This is one of the most common interview practice questions. Given an array of integers (positive and negative) find the largest continuous sum.
If the array is all positive, then the result is simply the sum of all numbers. The negative numbers in the array slightly complicate things. The algorithm is, we start summing up the numbers and store in a current sum variable. After adding each element, we check whether the current sum is larger than maximum sum encountered so far. If it is, we update the maximum sum. As long as the current sum is positive, we keep adding the numbers. When the current sum becomes negative, we start with a new current sum. Because a negative current sum will only decrease the sum of a future sequence. Note that we don’t reset the current sum to 0 because the array can contain all negative integers. Then the result would be the largest negative number. The code is fairly simple and will make everything clear:
def largestContinuousSum(arr): if len(arr)==0: return maxSum=currentSum=arr[0] for num in arr[1:]: currentSum=max(currentSum+num, num) maxSum=max(currentSum, maxSum) return maxSum
The time complexity is O(N) and space complexity is O(1), which are both optimal.

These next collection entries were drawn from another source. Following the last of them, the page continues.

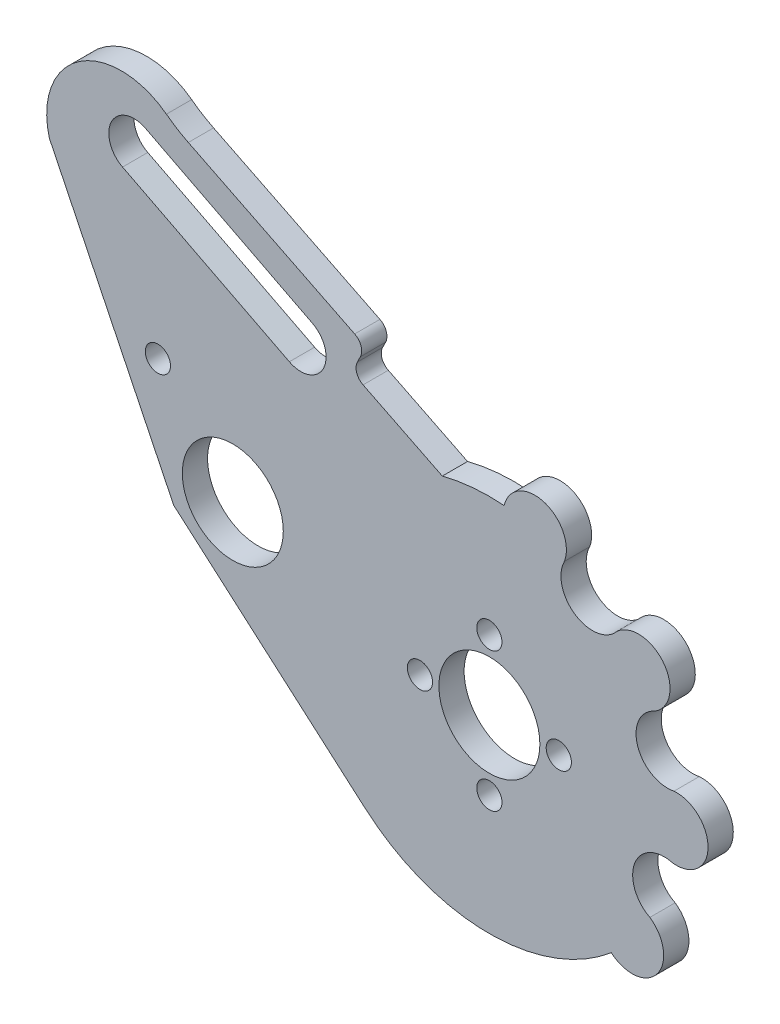
SolidWorks part; units mm, degrees
ref_plane "Plan de face" through (0, 0, 0) normal (0, 0, 1) x (1, 0, 0)
ref_plane "Plan de dessus" through (0, 0, 0) normal (0, 1, 0) x (1, 0, 0)
ref_plane "Plan de droite" through (0, 0, 0) normal (1, 0, 0) x (0, 0, -1)
sketch "Esquisse1" plane through (0, 0, 0) normal (0, 0, 1) x (1, 0, 0)
  line L0 (-10.9021, 18.0926) -> (-3.7284, 14.5292)
  line L1 (-10.9021, 18.0926) -> (-9.7741, 20.3635)
  line L2 (-9.7741, 20.3635) -> (-25.0053, 27.9292)
  line L3 (-34.8561, 22.147) -> (-25.0053, 1.8844)
  line L4 (-25.0053, 1.8844) -> (-2.2341, -17.9446)
  line L5 (-28.148, 24.8441) -> (-14.936, 18.0926) construction
  line L6 (-27.2379, 26.625) -> (-14.0259, 19.8736)
  line L7 (-29.0581, 23.0631) -> (-15.846, 16.3117)
  circle A1 centre (3.6018, 14.3836) radius 2.5
  circle A2 centre (0, 0) radius 15 construction
  circle A3 centre (8.1697, 12.374) radius 2.5
  circle A4 centre (0, 0) radius 15 construction
  circle A5 centre (11.8121, 8.9629) radius 2.5
  circle A6 centre (0, 0) radius 15
  circle A7 centre (14.1167, 4.5365) radius 2.5
  circle A8 centre (0, 0) radius 15
  circle A9 centre (14.8222, -0.4037) radius 2.5
  circle A10 centre (0, 0) radius 15
  circle A11 centre (13.8488, -5.2982) radius 2.5
  circle A12 centre (0, 0) radius 15
  circle A13 centre (11.3068, -9.5925) radius 2.5
  circle A14 centre (0, 0) radius 15
  arc A15 (-25.0053, 27.9292) -> (-34.8561, 22.147) centre (-29.1494, 23.7071) ccw
  circle A16 centre (0, 0) radius 4
  arc A17 (-27.2379, 26.625) -> (-29.0581, 23.0631) centre (-28.148, 24.8441) ccw
  circle A18 centre (0, 5.5) radius 1
  circle A19 centre (5.5, 0) radius 1
  circle A20 centre (0, -5.5) radius 1
  circle A21 centre (-5.5, 0) radius 1
  arc A23 (-15.846, 16.3117) -> (-14.0259, 19.8736) centre (-14.936, 18.0926) ccw
  circle A24 centre (-20.3252, 4.4391) radius 4
  circle A25 centre (-26.2564, 11.3193) radius 1
  point P27 (0, 0)
  point P34 (-21.542, 21.4683)
  point P38 (0, 0)
  point P49 (0, 0)
  dimension "D1" = 2
  dimension "D2" = 2
  dimension "D3" = 5
  dimension "D5" = 4
  dimension "D6" = 8
  dimension "D7" = 8
  dimension "D9" = 5
  dimension "D8" = 2
  dimension "D10" = 3
  dimension "D4" = 7
extrude "Boss.-Extru.1" add sketch "Esquisse1" along normal blind 2 contours A13 A11 A9 A7 A5 A3 A1 A2 A21 A20 A19 A18 A16 | L2 A15 L3 L4 A2 L0 L1 A25 A24 A23 L7 A17 L6 | A3 A1 A2 | A2 A1 | A7 A5 A4 A3 | A4 A5 | A11 A9 A8 A7 | A8 A9 | A12 A13 A11 | A12 A13
fillet "Congé1" radius 1 2 edges at (-10.9021, 18.0926, 1) (-9.7741, 20.3635, 1)
fillet "Congé2" radius 11 1 edges at (-25.0053, 27.9292, 1)
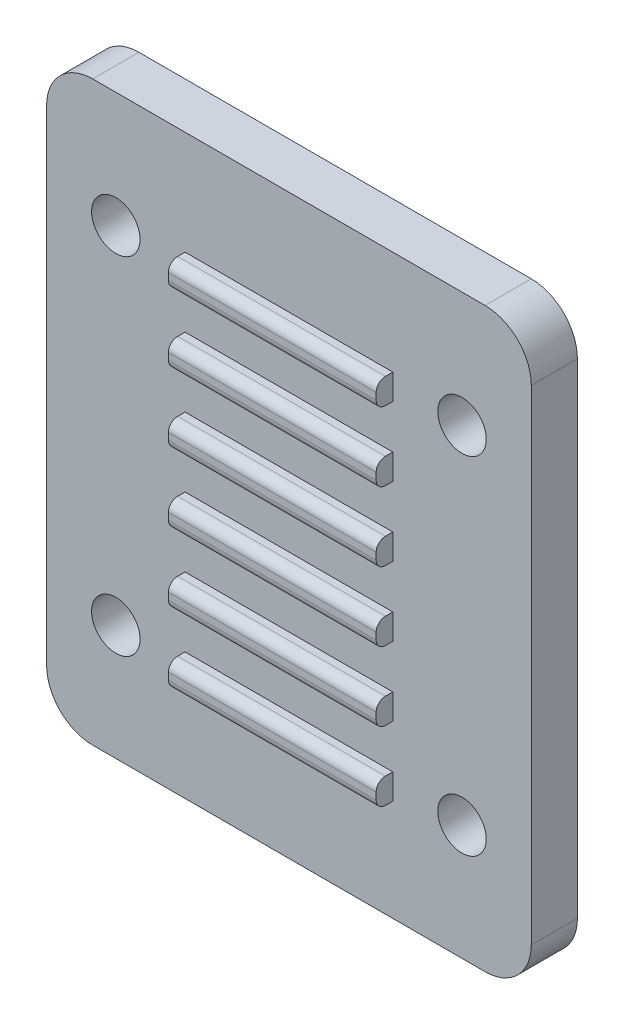
SolidWorks part; units mm, degrees
ref_plane "前视基准面" through (0, 0, 0) normal (0, 0, 1) x (1, 0, 0)
ref_plane "上视基准面" through (0, 0, 0) normal (0, 1, 0) x (1, 0, 0)
ref_plane "右视基准面" through (0, 0, 0) normal (1, 0, 0) x (0, 0, -1)
sketch "草图1" plane through (0, 0, 0) normal (0, 0, 1) x (1, 0, 0)
  line L1 (0, 0) -> (21, 0)
  line L2 (0, 0) -> (0, -25)
  line L3 (0, -25) -> (21, -25)
  line L4 (21, 0) -> (21, -25)
  circle A0 centre (3, -5) radius 1.05
  circle A1 centre (18, -5) radius 1.05
  circle A2 centre (3, -20) radius 1.05
  circle A3 centre (18, -20) radius 1.05
  dimension "D3" = 2
  dimension "D5" = 15
  dimension "D6" = 15
  dimension "D1" = 21
  dimension "D2" = 25
  dimension "D7" = 5
  dimension "D8" = 3
  dimension "D4" = 2
extrude "凸台-拉伸1" add sketch "草图1" along normal blind 2
sketch "草图2" plane through (0, 0, 2) normal (0, 0, 1) x (1, 0, 0)
  line L0 (21, 0) -> (0, 0) construction
  line L1 (6, -4.5) -> (15, -4.5)
  line L2 (6, -4.5) -> (6, -5.6)
  line L3 (6, -5.6) -> (15, -5.6)
  line L4 (15, -4.5) -> (15, -5.6)
  line L5 (0, 0) -> (0, -25) construction
  line L6 (6, -7.5) -> (6, -8.6)
  line L7 (6, -7.5) -> (15, -7.5)
  line L8 (15, -7.5) -> (15, -8.6)
  line L9 (6, -8.6) -> (15, -8.6)
  line L10 (6, -10.5) -> (6, -11.6)
  line L11 (6, -10.5) -> (15, -10.5)
  line L12 (15, -10.5) -> (15, -11.6)
  line L13 (6, -11.6) -> (15, -11.6)
  line L14 (6, -13.5) -> (6, -14.6)
  line L15 (6, -13.5) -> (15, -13.5)
  line L16 (15, -13.5) -> (15, -14.6)
  line L17 (6, -14.6) -> (15, -14.6)
  line L18 (6, -16.5) -> (6, -17.6)
  line L19 (6, -16.5) -> (15, -16.5)
  line L20 (15, -16.5) -> (15, -17.6)
  line L21 (6, -17.6) -> (15, -17.6)
  line L22 (6, -19.5) -> (6, -20.6)
  line L23 (6, -19.5) -> (15, -19.5)
  line L24 (15, -19.5) -> (15, -20.6)
  line L25 (6, -20.6) -> (15, -20.6)
  dimension "D1" = 4.5
  dimension "D2" = 6
  dimension "D3" = 9
  dimension "D4" = 1.1
  dimension "D5" = 6
extrude "凸台-拉伸2" add sketch "草图2" along normal blind 0.72
fillet "圆角1" radius 2 4 edges at (21, 0, 1) (21, -25, 1) (0, -25, 1) (0, 0, 1)
fillet "圆角3" radius 0.4 12 edges at (10.5, -5.6, 2.72) (10.5, -4.5, 2.72) (10.5, -8.6, 2.72) (10.5, -7.5, 2.72) (10.5, -11.6, 2.72) (10.5, -10.5, 2.72) (10.5, -14.6, 2.72) (10.5, -13.5, 2.72) (10.5, -17.6, 2.72) (10.5, -16.5, 2.72) (10.5, -20.6, 2.72) (10.5, -19.5, 2.72)
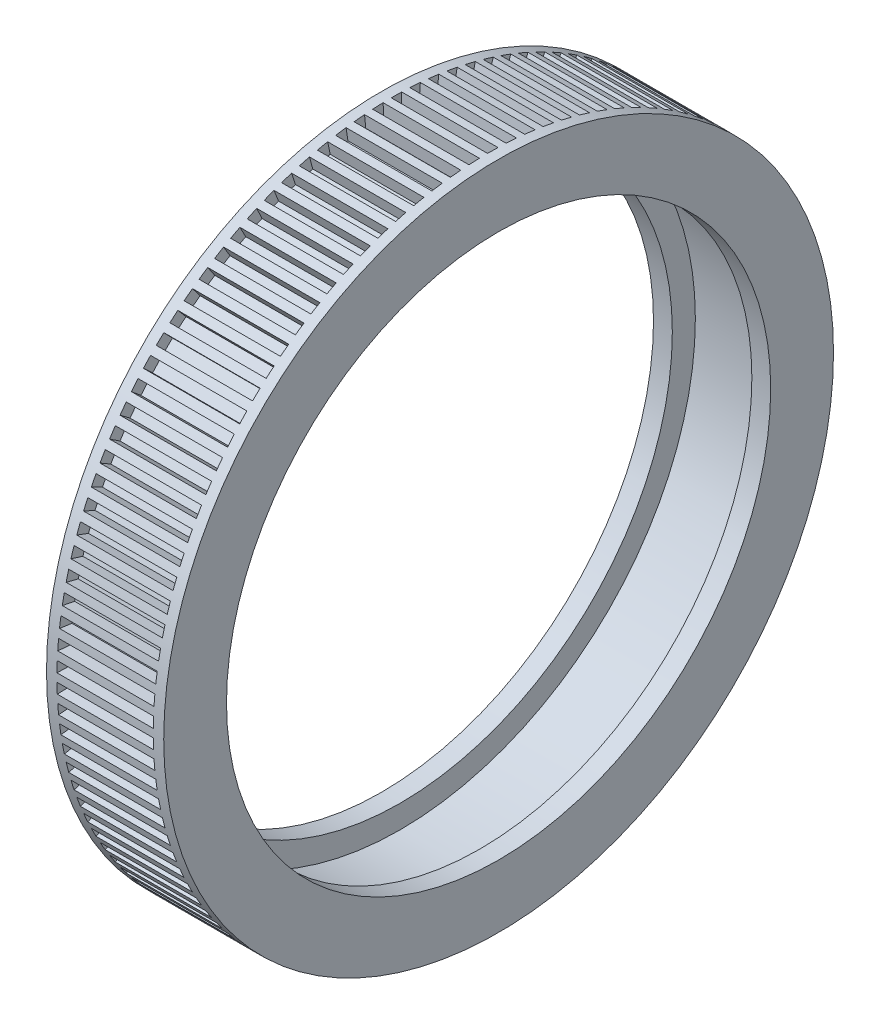
SolidWorks part; units mm, degrees
ref_plane "Přední rovina" through (0, 0, 0) normal (0, 0, 1) x (1, 0, 0)
ref_plane "Horní rovina" through (0, 0, 0) normal (0, 1, 0) x (1, 0, 0)
ref_plane "Pravá rovina" through (0, 0, 0) normal (1, 0, 0) x (0, 0, -1)
sketch "Skica1" plane through (0, 0, 0) normal (0, 0, 1) x (1, 0, 0)
  line L0 (0, 16) -> (0, 0) construction
  line L1 (2.8, 16) -> (-2.8, 16)
  line L2 (-2.8, 16) -> (-2.8, 13)
  line L3 (-2.8, 13) -> (-1.9, 13)
  line L4 (-1.9, 13) -> (-1.9, 14.1)
  line L5 (-1.9, 14.1) -> (1.9, 14.1)
  line L6 (1.9, 13) -> (1.9, 14.1)
  line L7 (2.8, 13) -> (1.9, 13)
  line L8 (2.8, 16) -> (2.8, 13)
  line L9 (-7.5774, 0) -> (6.8729, 0) construction
  point P9 (0, 14.1)
  dimension "D1" = 16
  dimension "D2" = 5.6
  dimension "D3" = 0.9
  dimension "D4" = 3.8
  dimension "D5" = 3
  dimension "D6" = 1.1
revolve "Rotovat1" add sketch "Skica1" angle 360 about L9
sketch "Skica2" plane through (0, 0, 0) normal (0, 0, 1) x (1, 0, 0)
  line L0 (0, 16) -> (0, -16) construction
  line L1 (2.8, 16) -> (-2.8, 16) construction
  line L2 (-2.8, -16) -> (2.8, -16) construction
  line L4 (-2.3, 0.25) -> (2.3, 0.25)
  line L5 (-2.3, 0.25) -> (-2.3, -0.25)
  line L6 (-2.3, -0.25) -> (2.3, -0.25)
  line L7 (2.3, 0.25) -> (2.3, -0.25)
  line L9 (2.3, 0) -> (-2.3, 0) construction
  point P12 (0, 0)
  dimension "D1" = 4.6
  dimension "D2" = 0.5
extrude "Odebrat vysunutím1" cut sketch "Skica2" against normal blind 0.7 from offset 15.4 offset against normal yes
pattern_circular "Kruhové pole1" count 113 over 360 about axis through (0, 0, 0) along (1, 0, 0) of "Odebrat vysunutím1"

Good question and solution – should we also have an edge case where every element is negative? This solution gives the element value which is closest to 0 for that array but alternatively we can also consider largest continuous sum as 0 without elements :) (so we initiate the maxsum as 0 if we value the continuous sum without elements as valid )?
Good point. I think we should clarify that with the interviewer. But most probably they’ll expect the sum to have at least 1 element.
Just adding to Arden’s post: this algorithm is called “Kadane’s algorithm” (see wikipedia). Theres also a divid & conquer technique to solve the same problem.
Same function returns maxsum, start location and end location
def largestContinuousSum(arr):
if len(arr)==0:
return
maxSum = currentSum = arr[0]
start = tstart = end = 0
for pos in range(1, len(arr)):
if(arr[pos] > currentSum + arr[pos]):
tstart = pos
currentSum = arr[pos]
else:
currentSum += arr[pos]
if(currentSum > maxSum):
maxSum = currentSum
start = tstart
end = pos
return maxSum,start,end
""" sample run """
print largestContinuousSum([-1,-3,4,-3,7])
Great solution, thanks. One of my friends actually got this exact version of the question with start and end locations, last week at on-site interview of a major tech company.